Definitely not a date movie


----------



## j d worthington (Jul 9, 2007)

ravenus said:


> Definitely not a date movie


 
Not unless you're with a really unusual person, no.....


----------



## unclejack (Jul 9, 2007)

lol, well I have to admit that I've been referred to as unusual from time to time. But just to clarify, i wasn't seekin it out as a date movie. lol. I just wanted to watch something trippy and freaky.


----------



## unclejack (Jul 29, 2007)

Okay well I finally watched videodrome last night and I have to say that it was actually pretty good. It wasn't quite as freaky as I was expecting it to be though and it took a long time to get to the good parts. I was a little dissapointed by the ending (spoiler here) because when he killed himself on the premise of transforming into the videodrome made flesh I was expecting to see that transformation or at least to know if that was true or was just videodrome making him crazy and resulting in the end of his life. I guess I have to draw my own conclusions on that one. Overall a good film. I have to say the freakiest part of the movie for me was when he shot that guy on stage and he turned to mush. Very gross and very bizarre. Anyway, thanks for the recomendation.


----------



## ravenus (Jul 29, 2007)

Glad you liked the movie. You might also try *Dead Ringers*.


----------



## unclejack (Jul 29, 2007)

Thanks for the recomendation, I've actually taken an interest in David Cronenburg since I watched Videodrome. But I have to say that I just watched the trailer for dead ringers and I can't really tell much about what it's about. If you could tell me more about the premise I would appreciate it. Thanks.


----------



## ravenus (Jul 30, 2007)

DR is about twin brothers (played by *Jeremy Irons* in a bravura performance which is unofficially considered the reason he was given the Best Actor at the Oscars for _Reversal of Fortunes_, Cronenberg's film being somewhat edgy for the Academy) who are gynecologists and who are inextricably linked to each other in more ways than they realize. They stand in for each other on various occasion, and carry out affairs in tandem.

Trouble occurs when one of them falls in love with a client. Therein begins a saga of emotional chaos and self-destruction that will...see the film for the rest


----------



## unclejack (Jul 30, 2007)

Thanks, I'll check it out.
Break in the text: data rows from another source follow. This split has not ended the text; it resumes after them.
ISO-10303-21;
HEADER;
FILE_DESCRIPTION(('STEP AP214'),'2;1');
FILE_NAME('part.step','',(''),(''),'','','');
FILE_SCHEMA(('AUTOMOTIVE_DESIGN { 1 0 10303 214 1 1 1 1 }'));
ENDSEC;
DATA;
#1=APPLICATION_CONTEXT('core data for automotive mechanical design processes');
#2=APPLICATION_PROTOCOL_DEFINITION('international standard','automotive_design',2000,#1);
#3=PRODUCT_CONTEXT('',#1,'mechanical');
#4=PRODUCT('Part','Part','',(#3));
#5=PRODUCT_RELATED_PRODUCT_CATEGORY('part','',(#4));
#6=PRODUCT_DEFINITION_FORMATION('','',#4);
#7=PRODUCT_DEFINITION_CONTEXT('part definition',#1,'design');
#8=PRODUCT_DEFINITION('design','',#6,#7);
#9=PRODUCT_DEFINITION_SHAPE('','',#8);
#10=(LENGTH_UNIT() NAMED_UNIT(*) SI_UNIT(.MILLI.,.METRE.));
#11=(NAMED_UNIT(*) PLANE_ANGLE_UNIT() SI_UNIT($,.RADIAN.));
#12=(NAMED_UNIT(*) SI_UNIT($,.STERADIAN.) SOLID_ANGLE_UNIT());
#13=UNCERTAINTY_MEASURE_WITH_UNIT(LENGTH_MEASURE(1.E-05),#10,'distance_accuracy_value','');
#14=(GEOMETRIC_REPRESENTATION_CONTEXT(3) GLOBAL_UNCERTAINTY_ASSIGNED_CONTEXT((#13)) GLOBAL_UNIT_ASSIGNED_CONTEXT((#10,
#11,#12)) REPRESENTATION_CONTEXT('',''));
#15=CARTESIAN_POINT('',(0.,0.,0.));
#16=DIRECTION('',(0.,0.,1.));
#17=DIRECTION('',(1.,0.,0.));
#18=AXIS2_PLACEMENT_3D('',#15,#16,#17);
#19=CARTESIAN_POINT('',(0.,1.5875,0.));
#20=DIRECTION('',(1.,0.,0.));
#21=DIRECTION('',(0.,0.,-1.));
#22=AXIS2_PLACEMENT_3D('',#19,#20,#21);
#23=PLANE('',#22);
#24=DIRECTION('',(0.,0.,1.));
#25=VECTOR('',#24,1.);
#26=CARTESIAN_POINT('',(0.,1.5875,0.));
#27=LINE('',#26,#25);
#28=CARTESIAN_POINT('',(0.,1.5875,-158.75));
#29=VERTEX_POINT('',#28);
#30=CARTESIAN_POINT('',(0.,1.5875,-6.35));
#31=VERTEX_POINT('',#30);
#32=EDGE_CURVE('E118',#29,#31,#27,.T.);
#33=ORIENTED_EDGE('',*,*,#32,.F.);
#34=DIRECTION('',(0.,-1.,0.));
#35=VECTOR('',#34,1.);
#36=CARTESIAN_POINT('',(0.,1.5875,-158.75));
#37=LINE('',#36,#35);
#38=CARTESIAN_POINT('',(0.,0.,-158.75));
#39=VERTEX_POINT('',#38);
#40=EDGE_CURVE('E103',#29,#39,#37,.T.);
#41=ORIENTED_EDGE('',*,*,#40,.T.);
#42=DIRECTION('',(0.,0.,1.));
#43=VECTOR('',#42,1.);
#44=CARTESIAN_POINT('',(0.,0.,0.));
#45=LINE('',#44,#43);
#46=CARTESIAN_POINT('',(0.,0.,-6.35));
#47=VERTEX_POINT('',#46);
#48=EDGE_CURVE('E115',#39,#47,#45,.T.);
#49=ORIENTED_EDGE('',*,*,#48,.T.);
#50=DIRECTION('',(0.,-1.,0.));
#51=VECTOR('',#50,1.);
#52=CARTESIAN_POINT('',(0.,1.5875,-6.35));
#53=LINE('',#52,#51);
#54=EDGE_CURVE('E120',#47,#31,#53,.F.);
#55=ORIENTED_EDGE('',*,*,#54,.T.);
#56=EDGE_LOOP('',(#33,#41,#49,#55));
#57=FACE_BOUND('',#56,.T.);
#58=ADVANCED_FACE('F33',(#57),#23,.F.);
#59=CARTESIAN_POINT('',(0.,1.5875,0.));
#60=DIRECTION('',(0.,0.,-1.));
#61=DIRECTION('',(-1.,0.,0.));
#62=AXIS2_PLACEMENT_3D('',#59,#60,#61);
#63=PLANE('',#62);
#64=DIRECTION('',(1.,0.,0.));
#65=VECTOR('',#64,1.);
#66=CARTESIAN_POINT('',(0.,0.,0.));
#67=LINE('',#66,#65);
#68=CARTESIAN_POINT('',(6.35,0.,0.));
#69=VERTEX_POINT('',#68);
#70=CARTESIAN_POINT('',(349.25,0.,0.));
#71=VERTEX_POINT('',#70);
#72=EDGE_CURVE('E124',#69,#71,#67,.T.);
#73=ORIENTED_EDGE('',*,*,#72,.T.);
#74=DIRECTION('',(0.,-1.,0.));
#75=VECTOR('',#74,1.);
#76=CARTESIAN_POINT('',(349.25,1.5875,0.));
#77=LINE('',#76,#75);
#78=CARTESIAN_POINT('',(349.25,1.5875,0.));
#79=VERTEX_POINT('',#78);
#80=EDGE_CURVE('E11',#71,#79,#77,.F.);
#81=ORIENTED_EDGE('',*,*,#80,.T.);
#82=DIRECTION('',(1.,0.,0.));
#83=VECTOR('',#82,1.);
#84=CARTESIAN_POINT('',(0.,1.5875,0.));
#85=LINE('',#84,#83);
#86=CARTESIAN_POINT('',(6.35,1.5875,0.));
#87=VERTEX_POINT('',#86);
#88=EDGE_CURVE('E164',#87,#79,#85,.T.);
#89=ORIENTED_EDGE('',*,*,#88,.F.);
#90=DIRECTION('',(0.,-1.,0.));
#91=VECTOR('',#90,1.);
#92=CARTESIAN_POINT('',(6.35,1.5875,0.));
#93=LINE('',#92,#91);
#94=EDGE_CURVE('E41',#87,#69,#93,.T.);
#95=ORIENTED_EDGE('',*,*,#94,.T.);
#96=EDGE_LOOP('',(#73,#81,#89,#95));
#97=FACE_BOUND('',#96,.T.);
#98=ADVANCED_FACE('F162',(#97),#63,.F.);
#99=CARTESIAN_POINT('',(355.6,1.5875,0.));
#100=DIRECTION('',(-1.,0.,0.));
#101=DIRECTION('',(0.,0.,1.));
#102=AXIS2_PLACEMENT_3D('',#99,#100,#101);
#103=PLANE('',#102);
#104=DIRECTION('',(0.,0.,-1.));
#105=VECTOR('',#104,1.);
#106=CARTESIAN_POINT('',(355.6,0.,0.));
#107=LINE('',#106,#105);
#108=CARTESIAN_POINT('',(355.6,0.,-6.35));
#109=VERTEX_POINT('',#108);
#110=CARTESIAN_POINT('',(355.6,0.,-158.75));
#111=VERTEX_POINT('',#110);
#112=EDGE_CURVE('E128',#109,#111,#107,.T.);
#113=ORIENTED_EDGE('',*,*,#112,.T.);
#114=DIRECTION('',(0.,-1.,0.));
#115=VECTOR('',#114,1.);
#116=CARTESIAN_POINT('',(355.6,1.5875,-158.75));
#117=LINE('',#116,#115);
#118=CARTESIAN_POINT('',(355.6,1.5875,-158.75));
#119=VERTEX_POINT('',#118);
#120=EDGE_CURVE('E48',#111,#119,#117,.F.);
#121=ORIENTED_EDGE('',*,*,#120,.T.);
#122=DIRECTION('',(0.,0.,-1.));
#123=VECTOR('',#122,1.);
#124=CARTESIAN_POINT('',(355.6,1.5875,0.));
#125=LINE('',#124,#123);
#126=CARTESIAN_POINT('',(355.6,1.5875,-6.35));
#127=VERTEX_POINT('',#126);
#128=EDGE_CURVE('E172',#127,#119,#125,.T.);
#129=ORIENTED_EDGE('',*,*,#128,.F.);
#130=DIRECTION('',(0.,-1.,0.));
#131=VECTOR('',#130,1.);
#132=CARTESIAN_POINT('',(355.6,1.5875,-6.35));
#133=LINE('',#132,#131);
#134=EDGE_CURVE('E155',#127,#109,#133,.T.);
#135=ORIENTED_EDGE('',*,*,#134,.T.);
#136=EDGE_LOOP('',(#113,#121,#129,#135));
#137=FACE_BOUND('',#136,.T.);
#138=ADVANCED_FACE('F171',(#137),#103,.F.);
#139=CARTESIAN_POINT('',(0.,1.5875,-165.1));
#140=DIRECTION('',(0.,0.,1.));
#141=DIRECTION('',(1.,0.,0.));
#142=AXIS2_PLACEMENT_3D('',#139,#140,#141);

Croneneburg seems to have a gnack for creating a very disturbing and shocking feeling on film as in the case of Videodrome and if my memory serves me correctly, scanners. I havent seen scanners in so long I think I'm going to rewatch it pretty soon. And I'll check out dead ringers too, it looks pretty good.


----------



## j d worthington (Jul 30, 2007)

Yes, that's sort of his metier, I'd say.... it also applies to *Naked Lunch* and even to his remake of *The Fly*... which is actually a very good film, but emotionally draining.....


----------



## ravenus (Jul 30, 2007)

*The Fly* was probably one of the most mainstream films DC did...till *A History of Violence* (which was meh IMO), but very beautifully made with a terrific mixture of romantic pathos and creepiness...and you can really believe the chemistry between Jeff Goldblum and (sigh) Geena Davis...the DVD making of says that they were actually dating at that point of time so that may have a bit to do with it.


----------



## j d worthington (Jul 30, 2007)

That it was... sort of like *Altered States* for Ken Russell. And if I remember correctly, it was when they were making that film that they became involved... much like Malcolm McDowell and Mary Steenburgen when making *Time After Time*.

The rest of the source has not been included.